Per raggiungere questo luogo d’incanto dell’entroterra siculo, resterete incantati dai tornanti che danno una visione d’insieme di una natura “viva”, palpitante, che si ammira a perdita d’occhio, per poi, finalmente scorgere il Maniero, avvolto da un’atmosfera d’altri tempi. Le prime notizie che lo riguardano risalgono al 1160 e vedono storia e leggenda intrecciarsi indissolubilmente. Il nobile Matteo Bonello, uno dei suoi primi proprietari, era nemico irriducibile del Re Guglielmo I detto “Il Malo”, e utilizzò il Castello di Caccamo, assieme ai suoi compagni, come rifugio, dopo il fallimento della “congiura dei baroni”. Nella notte dell’11 novembre del 1160, infatti, Bonello e i congiuranti tesero un agguato a Maione da Bari, primo ministro del Re, uccidendolo e tenendo in ostaggio Guglielmo I. A far fallire il piano ci pensò il popolo che, spaventato da quel tumulto, si schierò col sovrano, liberandolo, rimettendolo sul trono e, di conseguenza, costringendo Matteo Bonello a rifugiarsi nell’inespugnabile maniero di Caccamo. Protetto dalle possenti mura, il nobile penso di r sfuggire alla vendetta, ma questi, giocando d’astuzia, lo invitò a corte con la promessa del perdono. Il “traditore del Re”, così era visto, caduto nella trappola, venne incarcerato e sottoposto a terribili torture: gli furono cavati gli occhi e recisi i tendini, morendo alla fine per inedia.

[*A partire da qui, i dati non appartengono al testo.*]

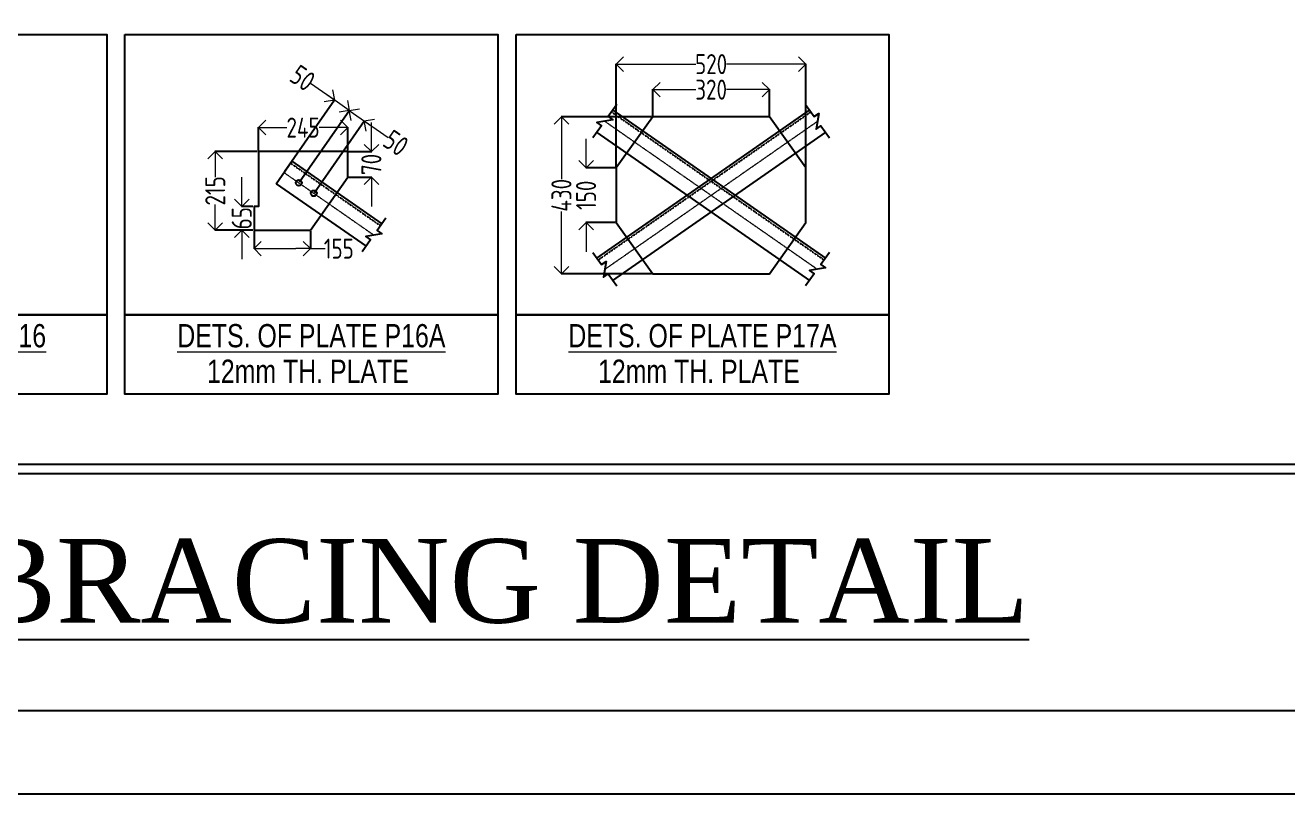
# Model space of a CAD drawing. Header units: millimetres. Extents: x 3470347 to 5996549, y -3470518 to 17149644.
# Drawn here: x 4851320 to 4863779, y 6791073 to 6798657 of the extents above; entities that cross this region are included whole.
import ezdxf
from ezdxf.enums import TextEntityAlignment as Align

# ---------------------------------------------------------------- set-up
doc = ezdxf.new("R2010")
doc.units = ezdxf.units.MM
doc.header["$MEASUREMENT"] = 0
doc.header["$PDMODE"] = 35
doc.header["$PDSIZE"] = -5
doc.linetypes.add('DASHED2', pattern=[0.375, 0.25, -0.125])
doc.linetypes.add('HIDDEN', pattern=[0.375, 0.25, -0.125])
doc.layers.get('0').update_dxf_attribs({"linetype": 'CONTINUOUS', "lineweight": 25})
doc.layers.get('DEFPOINTS').update_dxf_attribs({"linetype": 'CONTINUOUS', "lineweight": 25})
doc.layers.add('lintel', color=2, linetype='CONTINUOUS')
for name, color, linetype, lineweight in [('rDIMension', 1, 'CONTINUOUS', 18), ('rPCC DASH', 9, 'HIDDEN', 15), ('rRCC 1', 3, 'CONTINUOUS', 25), ('rRCC 2', 40, 'CONTINUOUS', 15), ('SHEET', 7, 'CONTINUOUS', 15)]:
    doc.layers.add(name, color=color, linetype=linetype, lineweight=lineweight)
doc.styles.add('Arial', font='arial.ttf', dxfattribs={"height": 0.2})
doc.styles.add('DIM', font='geniso.shx', dxfattribs={"width": 0.85})
doc.styles.get("Standard").update_dxf_attribs({"font": ''})
doc.styles.get('Standard').set_extended_font_data('AR CENA')
doc.dimstyles.new('ST-50', dxfattribs={"dimscale": 100, "dimtxt": 2.5, "dimasz": 2, "dimexe": 0.18, "dimexo": 0.0625, "dimgap": 0.2, "dimtad": 0, "dimdec": 0, "dimlfac": 0.5, "dimzin": 0, "dimdsep": 46, "dimtxsty": 'DIM', "dimblk": 'OPEN90', "dimcen": 0.09, "dimclrd": 256, "dimclrt": 7, "dimadec": 0, "dimazin": 0, "dimtfac": 1, "dimtdec": 0, "dimtofl": 0, "dimtmove": 0, "dimatfit": 3, "dimldrblk": 'OPEN90', "dimfxl": 1, "dimtolj": 1, "dimtzin": 0, "dimlwd": -1, "dimarcsym": 0})

# ---------------------------------------------------------------- blocks, each defined once
blk = doc.blocks.new('_Open90')
at = {"color": 0, "linetype": 'ByBlock', "lineweight": -2}
for p, q in [((0, 0), (-1, 0)), ((-0.5, 0.5), (0, 0)), ((0, 0), (-0.5, -0.5))]:
    blk.add_line(p, q, dxfattribs=at)
blk = doc.blocks.new('*D1668')
at = {"layer": 'DEFPOINTS', "color": 0, "linetype": 'ByBlock'}
for p in [(1106450.7, -2132120.2), (1106214.1, -2132550.2), (1106426.7, -2132550.2)]:
    blk.add_point(p, dxfattribs=at)
at = {"layer": 'rDIMension', "color": 0, "lineweight": -2, "ltscale": 0.5}
for p, q in [((1106444.5, -2132120.2), (1106212.3, -2132120.2)), ((1106420.5, -2132550.2), (1106212.3, -2132550.2))]:
    blk.add_line(p, q, dxfattribs=at)
at = {"layer": 'rDIMension', "ltscale": 0.5}
for p, q in [((1106214.1, -2132200.2), (1106214.1, -2132260.3)), ((1106214.1, -2132470.2), (1106214.1, -2132410.1))]:
    blk.add_line(p, q, dxfattribs=at)
at = {"layer": 'rDIMension', "linetype": 'ByBlock', "xscale": 80, "yscale": 80, "zscale": 80}
for p, rotation in [((1106214.1, -2132120.2), 90), ((1106214.1, -2132550.2), 270)]:
    blk.add_blockref('_Open90', p, dxfattribs=dict(at, rotation=rotation))
at = {"layer": 'rDIMension', "color": 7, "linetype": 'ByBlock', "insert": (1106214.1, -2132335.2), "char_height": 110, "attachment_point": 5, "rotation": 90, "style": 'DIM'}
blk.add_mtext('\\A1;215', dxfattribs=at)
blk = doc.blocks.new('*D1669')
at = {"layer": 'DEFPOINTS', "color": 0, "linetype": 'ByBlock'}
for p in [(1106359.3, -2132420.2), (1106426.7, -2132420.2), (1106426.7, -2132550.2)]:
    blk.add_point(p, dxfattribs=at)
at = {"layer": 'rDIMension', "ltscale": 0.5}
for p, q in [((1106359.3, -2132340.2), (1106359.3, -2132260.2)), ((1106359.3, -2132630.2), (1106359.3, -2132710.2))]:
    blk.add_line(p, q, dxfattribs=at)
at = {"layer": 'rDIMension', "color": 0, "lineweight": -2, "ltscale": 0.5}
for p, q in [((1106420.5, -2132420.2), (1106357.5, -2132420.2)), ((1106420.5, -2132550.2), (1106357.5, -2132550.2))]:
    blk.add_line(p, q, dxfattribs=at)
at = {"layer": 'rDIMension', "linetype": 'ByBlock', "xscale": 80, "yscale": 80, "zscale": 80}
for p, rotation in [((1106359.3, -2132420.2), 270), ((1106359.3, -2132550.2), 90)]:
    blk.add_blockref('_Open90', p, dxfattribs=dict(at, rotation=rotation))
at = {"layer": 'rDIMension', "color": 7, "linetype": 'ByBlock', "insert": (1106359.3, -2132485.2), "char_height": 110, "attachment_point": 5, "rotation": 90, "style": 'DIM'}
blk.add_mtext('\\A1;65', dxfattribs=at)
blk = doc.blocks.new('*D1670')
at = {"layer": 'DEFPOINTS', "color": 0, "linetype": 'ByBlock'}
for p in [(1106450.7, -2131988.3), (1106450.7, -2132120.2), (1106940.7, -2132120.2)]:
    blk.add_point(p, dxfattribs=at)
at = {"layer": 'rDIMension', "color": 0, "lineweight": -2, "ltscale": 0.5}
for p, q in [((1106450.7, -2132113.9), (1106450.7, -2131986.5)), ((1106940.7, -2132113.9), (1106940.7, -2131986.5))]:
    blk.add_line(p, q, dxfattribs=at)
at = {"layer": 'rDIMension', "ltscale": 0.5}
for p, q in [((1106530.7, -2131988.3), (1106606.8, -2131988.3)), ((1106860.7, -2131988.3), (1106784.6, -2131988.3))]:
    blk.add_line(p, q, dxfattribs=at)
at = {"layer": 'rDIMension', "linetype": 'ByBlock', "xscale": 80, "yscale": 80, "zscale": 80, "rotation": 180}
blk.add_blockref('_Open90', (1106450.7, -2131988.3), dxfattribs=at)
at = {"layer": 'rDIMension', "linetype": 'ByBlock', "xscale": 80, "yscale": 80, "zscale": 80}
blk.add_blockref('_Open90', (1106940.7, -2131988.3), dxfattribs=at)
at = {"layer": 'rDIMension', "color": 7, "linetype": 'ByBlock', "insert": (1106695.7, -2131988.3), "char_height": 110, "attachment_point": 5, "style": 'DIM'}
blk.add_mtext('\\A1;245', dxfattribs=at)
blk = doc.blocks.new('*D1671')
at = {"layer": 'DEFPOINTS', "color": 0, "linetype": 'ByBlock'}
for p in [(1106426.7, -2132550.2), (1106736.7, -2132550.2), (1106736.7, -2132652.1)]:
    blk.add_point(p, dxfattribs=at)
at = {"layer": 'rDIMension', "color": 0, "lineweight": -2, "ltscale": 0.5}
for p, q in [((1106426.7, -2132556.4), (1106426.7, -2132653.9)), ((1106736.7, -2132556.4), (1106736.7, -2132653.9))]:
    blk.add_line(p, q, dxfattribs=at)
at = {"layer": 'rDIMension', "ltscale": 0.5}
for p, q in [((1106506.7, -2132652.1), (1106656.7, -2132652.1)), ((1106736.7, -2132652.1), (1106816.7, -2132652.1))]:
    blk.add_line(p, q, dxfattribs=at)
at = {"layer": 'rDIMension', "linetype": 'ByBlock', "xscale": 80, "yscale": 80, "zscale": 80, "rotation": 180}
blk.add_blockref('_Open90', (1106426.7, -2132652.1), dxfattribs=at)
at = {"layer": 'rDIMension', "linetype": 'ByBlock', "xscale": 80, "yscale": 80, "zscale": 80}
blk.add_blockref('_Open90', (1106736.7, -2132652.1), dxfattribs=at)
at = {"layer": 'rDIMension', "color": 7, "linetype": 'ByBlock', "insert": (1106891.6, -2132652.1), "char_height": 110, "attachment_point": 5, "style": 'DIM'}
blk.add_mtext('\\A1;155', dxfattribs=at)
blk = doc.blocks.new('*D1672')
at = {"layer": 'DEFPOINTS', "color": 0, "linetype": 'ByBlock'}
for p in [(1106867.2, -2131837.4), (1106590.9, -2132234.4), (1106672.9, -2132291.5)]:
    blk.add_point(p, dxfattribs=at)
at = {"layer": 'rDIMension', "ltscale": 0.5}
for p, q in [((1106801.5, -2131791.7), (1106735.9, -2131746)), ((1107014.9, -2131940.2), (1107080.6, -2131985.9))]:
    blk.add_line(p, q, dxfattribs=at)
at = {"layer": 'rDIMension', "color": 0, "lineweight": -2, "ltscale": 0.5}
for p, q in [((1106594.4, -2132229.3), (1106868.2, -2131835.9)), ((1106676.5, -2132286.4), (1106950.3, -2131893))]:
    blk.add_line(p, q, dxfattribs=at)
at = {"layer": 'rDIMension', "linetype": 'ByBlock', "xscale": 80, "yscale": 80, "zscale": 80}
for p, rotation in [((1106867.2, -2131837.4), 325.1617671412115), ((1106949.3, -2131894.5), 145.1617671412115)]:
    blk.add_blockref('_Open90', p, dxfattribs=dict(at, rotation=rotation))
at = {"layer": 'rDIMension', "color": 7, "linetype": 'ByBlock', "insert": (1106693.6, -2131716.5), "char_height": 110, "attachment_point": 5, "rotation": 325.16177, "style": 'DIM'}
blk.add_mtext('\\A1;50', dxfattribs=at)
blk = doc.blocks.new('*D1673')
at = {"layer": 'DEFPOINTS', "color": 0, "linetype": 'ByBlock'}
for p in [(1107031.4, -2131951.6), (1106672.9, -2132291.5), (1106755, -2132348.7)]:
    blk.add_point(p, dxfattribs=at)
at = {"layer": 'rDIMension', "ltscale": 0.5}
for p, q in [((1106883.6, -2131848.8), (1106818, -2131803.1)), ((1107097, -2131997.3), (1107162.7, -2132043))]:
    blk.add_line(p, q, dxfattribs=at)
at = {"layer": 'rDIMension', "color": 0, "lineweight": -2, "ltscale": 0.5}
for p, q in [((1106676.5, -2132286.4), (1106950.3, -2131893)), ((1106758.6, -2132343.5), (1107032.4, -2131950.1))]:
    blk.add_line(p, q, dxfattribs=at)
at = {"layer": 'rDIMension', "linetype": 'ByBlock', "xscale": 80, "yscale": 80, "zscale": 80}
for p, rotation in [((1106949.3, -2131894.5), 325.1617671392617), ((1107031.4, -2131951.6), 145.1617671392617)]:
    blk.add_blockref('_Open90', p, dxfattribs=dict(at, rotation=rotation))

Si narra che, da allora, il suo fantasma vaghi irrequieto tra le sale del castello, principalmente in quella nota come “salone della congiura”. Alcuni avvistamenti lo hanno descritto vestito con abiti d’epoca, pantaloni e giacca di cuoio, trascinarsi con fatica e col volto deturpato. In una stanza, a quanto pare riservata agli ospiti meno “graditi”, vi è ancora una piccola cappella, ma la curiosità è che, davanti al piccolo altare, è visibile una botola che, si narra, venisse aperta e utilizzata per eliminarli. Queste truci leggende, che hanno pur sempre il loro fascino perché specchio di una Sicilia inimmaginabile oggi, si diradano grazie ad una vista mozzafiato che si gode dalle terrazze del castello che abbracciano le verdissime colline dell’entroterra fino all’azzurro mare di Cefalù.
Il Castello divenuto, poi, proprietà della nobile famiglia dei Chiaromonte che lo ampliarono, fortificandolo ulteriormente, dal 1302 al 1392, resistette agli attacchi aragonesi. Altri lavori vennero ordinati da Giacomo De Prades, che fece costruire alcune torri, scuderie, un salone per le udienze e un grande salone per le armi. Nel 1400, al suo massimo splendore, Giovanni Alfonso Henriquez, Viceré di Sicilia, consegnò a Caccamo il suo “Stemma”, una testa di cavallo, che un tempo, si narra, fosse di Cartagine, con l’aggiunta, però, delle tre gambe, il Triscele. Come in ogni storia, dopo la grandeur, il declino, con il terremoto del 1923 che provocò una serie di crolli in varie aree.